WHAT THIS TASK INVOLVES: Reproduce the records exactly, but not the pictures.

== == ==

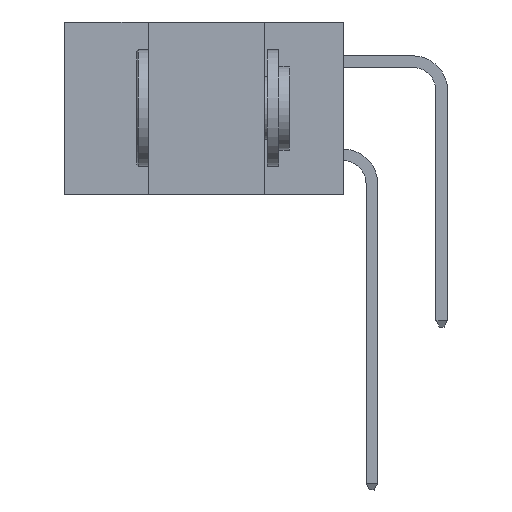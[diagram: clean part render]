
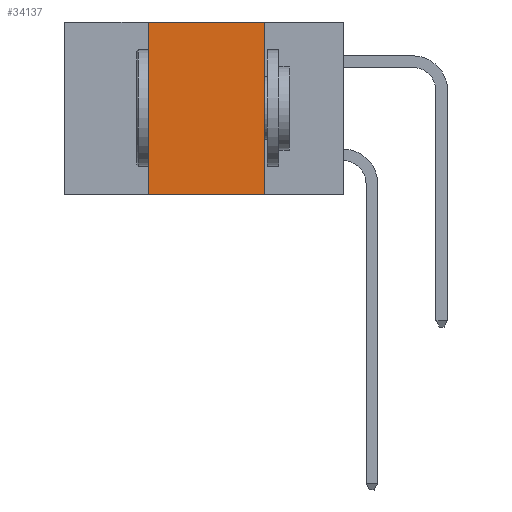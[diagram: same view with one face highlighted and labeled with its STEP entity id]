
A CAD part, left-side view. The second image highlights one B-rep face of the part: STEP entity #34137.
In plain terms, the highlighted planar face has unit normal (-1, 0, 0).
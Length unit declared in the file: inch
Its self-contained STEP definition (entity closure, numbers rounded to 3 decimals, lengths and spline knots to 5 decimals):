
#687 = CARTESIAN_POINT ( 'NONE',  ( 0., 0.17, 0. ) ) ;
#2819 = DIRECTION ( 'NONE',  ( 1., 0., 0. ) ) ;
#2834 = VERTEX_POINT ( 'NONE', #33456 ) ;
#5052 = CARTESIAN_POINT ( 'NONE',  ( 0., 0.17, -0.37 ) ) ;
#7522 = LINE ( 'NONE', #29065, #17279 ) ;
#8660 = AXIS2_PLACEMENT_3D ( 'NONE', #19569, #2819, #22382 ) ;
#8736 = DIRECTION ( 'NONE',  ( 0., 0., 1. ) ) ;
#8834 = CARTESIAN_POINT ( 'NONE',  ( 0., 0.6, 0. ) ) ;
#8855 = VERTEX_POINT ( 'NONE', #30504 ) ;
#9419 = VERTEX_POINT ( 'NONE', #5052 ) ;
#12738 = ORIENTED_EDGE ( 'NONE', *, *, #20734, .T. ) ;
#13336 = EDGE_CURVE ( 'NONE', #20516, #9419, #15703, .T. ) ;
#13478 = ORIENTED_EDGE ( 'NONE', *, *, #27943, .F. ) ;
#13826 = CARTESIAN_POINT ( 'NONE',  ( 0., 0.17, 0. ) ) ;
#14467 = ORIENTED_EDGE ( 'NONE', *, *, #17058, .F. ) ;
#15703 = LINE ( 'NONE', #687, #29426 ) ;
#16803 = PLANE ( 'NONE',  #8660 ) ;
#17058 = EDGE_CURVE ( 'NONE', #8855, #2834, #28065, .T. ) ;
#17279 = VECTOR ( 'NONE', #20921, 39.37008 ) ;
#19569 = CARTESIAN_POINT ( 'NONE',  ( 0., 0.6, 0. ) ) ;
#20516 = VERTEX_POINT ( 'NONE', #13826 ) ;
#20734 = EDGE_CURVE ( 'NONE', #8855, #9419, #7522, .T. ) ;
#20777 = VECTOR ( 'NONE', #8736, 39.37008 ) ;
#20921 = DIRECTION ( 'NONE',  ( 0., -1., 0. ) ) ;
#22382 = DIRECTION ( 'NONE',  ( 0., 0., -1. ) ) ;
#23186 = DIRECTION ( 'NONE',  ( 0., 0., -1. ) ) ;
#24181 = VECTOR ( 'NONE', #28218, 39.37008 ) ;
#25171 = CARTESIAN_POINT ( 'NONE',  ( 0., 0.42, 0. ) ) ;
#27943 = EDGE_CURVE ( 'NONE', #2834, #20516, #31413, .T. ) ;
#28065 = LINE ( 'NONE', #25171, #20777 ) ;
#28218 = DIRECTION ( 'NONE',  ( 0., -1., 0. ) ) ;
#29065 = CARTESIAN_POINT ( 'NONE',  ( 0., 0.6, -0.37 ) ) ;
#29426 = VECTOR ( 'NONE', #23186, 39.37008 ) ;
#30504 = CARTESIAN_POINT ( 'NONE',  ( 0., 0.42, -0.37 ) ) ;
#31298 = EDGE_LOOP ( 'NONE', ( #31323, #13478, #14467, #12738 ) ) ;
#31323 = ORIENTED_EDGE ( 'NONE', *, *, #13336, .F. ) ;
#31413 = LINE ( 'NONE', #8834, #24181 ) ;
#33456 = CARTESIAN_POINT ( 'NONE',  ( 0., 0.42, 0. ) ) ;
#34137 = ADVANCED_FACE ( 'NONE', ( #35469 ), #16803, .F. ) ;
#35469 = FACE_OUTER_BOUND ( 'NONE', #31298, .T. ) ;

== == ==

FINISHED TASK:
[diagram: clean part render]
[diagram: same view with one face highlighted and labeled with its STEP entity id]
A CAD part, left-side view. The second image highlights one B-rep face of the part: STEP entity #34137.
In plain terms, the highlighted planar face has unit normal (-1, 0, 0).
Length unit declared in the file: inch
Its self-contained STEP definition (entity closure, numbers rounded to 3 decimals, lengths and spline knots to 5 decimals):
#687 = CARTESIAN_POINT ( 'NONE',  ( 0., 0.17, 0. ) ) ;
#2819 = DIRECTION ( 'NONE',  ( 1., 0., 0. ) ) ;
#2834 = VERTEX_POINT ( 'NONE', #33456 ) ;
#5052 = CARTESIAN_POINT ( 'NONE',  ( 0., 0.17, -0.37 ) ) ;
#7522 = LINE ( 'NONE', #29065, #17279 ) ;
#8660 = AXIS2_PLACEMENT_3D ( 'NONE', #19569, #2819, #22382 ) ;
#8736 = DIRECTION ( 'NONE',  ( 0., 0., 1. ) ) ;
#8834 = CARTESIAN_POINT ( 'NONE',  ( 0., 0.6, 0. ) ) ;
#8855 = VERTEX_POINT ( 'NONE', #30504 ) ;
#9419 = VERTEX_POINT ( 'NONE', #5052 ) ;
#12738 = ORIENTED_EDGE ( 'NONE', *, *, #20734, .T. ) ;
#13336 = EDGE_CURVE ( 'NONE', #20516, #9419, #15703, .T. ) ;
#13478 = ORIENTED_EDGE ( 'NONE', *, *, #27943, .F. ) ;
#13826 = CARTESIAN_POINT ( 'NONE',  ( 0., 0.17, 0. ) ) ;
#14467 = ORIENTED_EDGE ( 'NONE', *, *, #17058, .F. ) ;
#15703 = LINE ( 'NONE', #687, #29426 ) ;
#16803 = PLANE ( 'NONE',  #8660 ) ;
#17058 = EDGE_CURVE ( 'NONE', #8855, #2834, #28065, .T. ) ;
#17279 = VECTOR ( 'NONE', #20921, 39.37008 ) ;
#19569 = CARTESIAN_POINT ( 'NONE',  ( 0., 0.6, 0. ) ) ;
#20516 = VERTEX_POINT ( 'NONE', #13826 ) ;
#20734 = EDGE_CURVE ( 'NONE', #8855, #9419, #7522, .T. ) ;
#20777 = VECTOR ( 'NONE', #8736, 39.37008 ) ;
#20921 = DIRECTION ( 'NONE',  ( 0., -1., 0. ) ) ;
#22382 = DIRECTION ( 'NONE',  ( 0., 0., -1. ) ) ;
#23186 = DIRECTION ( 'NONE',  ( 0., 0., -1. ) ) ;
#24181 = VECTOR ( 'NONE', #28218, 39.37008 ) ;
#25171 = CARTESIAN_POINT ( 'NONE',  ( 0., 0.42, 0. ) ) ;
#27943 = EDGE_CURVE ( 'NONE', #2834, #20516, #31413, .T. ) ;
#28065 = LINE ( 'NONE', #25171, #20777 ) ;
#28218 = DIRECTION ( 'NONE',  ( 0., -1., 0. ) ) ;
#29065 = CARTESIAN_POINT ( 'NONE',  ( 0., 0.6, -0.37 ) ) ;
#29426 = VECTOR ( 'NONE', #23186, 39.37008 ) ;
#30504 = CARTESIAN_POINT ( 'NONE',  ( 0., 0.42, -0.37 ) ) ;
#31298 = EDGE_LOOP ( 'NONE', ( #31323, #13478, #14467, #12738 ) ) ;
#31323 = ORIENTED_EDGE ( 'NONE', *, *, #13336, .F. ) ;
#31413 = LINE ( 'NONE', #8834, #24181 ) ;
#33456 = CARTESIAN_POINT ( 'NONE',  ( 0., 0.42, 0. ) ) ;
#34137 = ADVANCED_FACE ( 'NONE', ( #35469 ), #16803, .F. ) ;
#35469 = FACE_OUTER_BOUND ( 'NONE', #31298, .T. ) ;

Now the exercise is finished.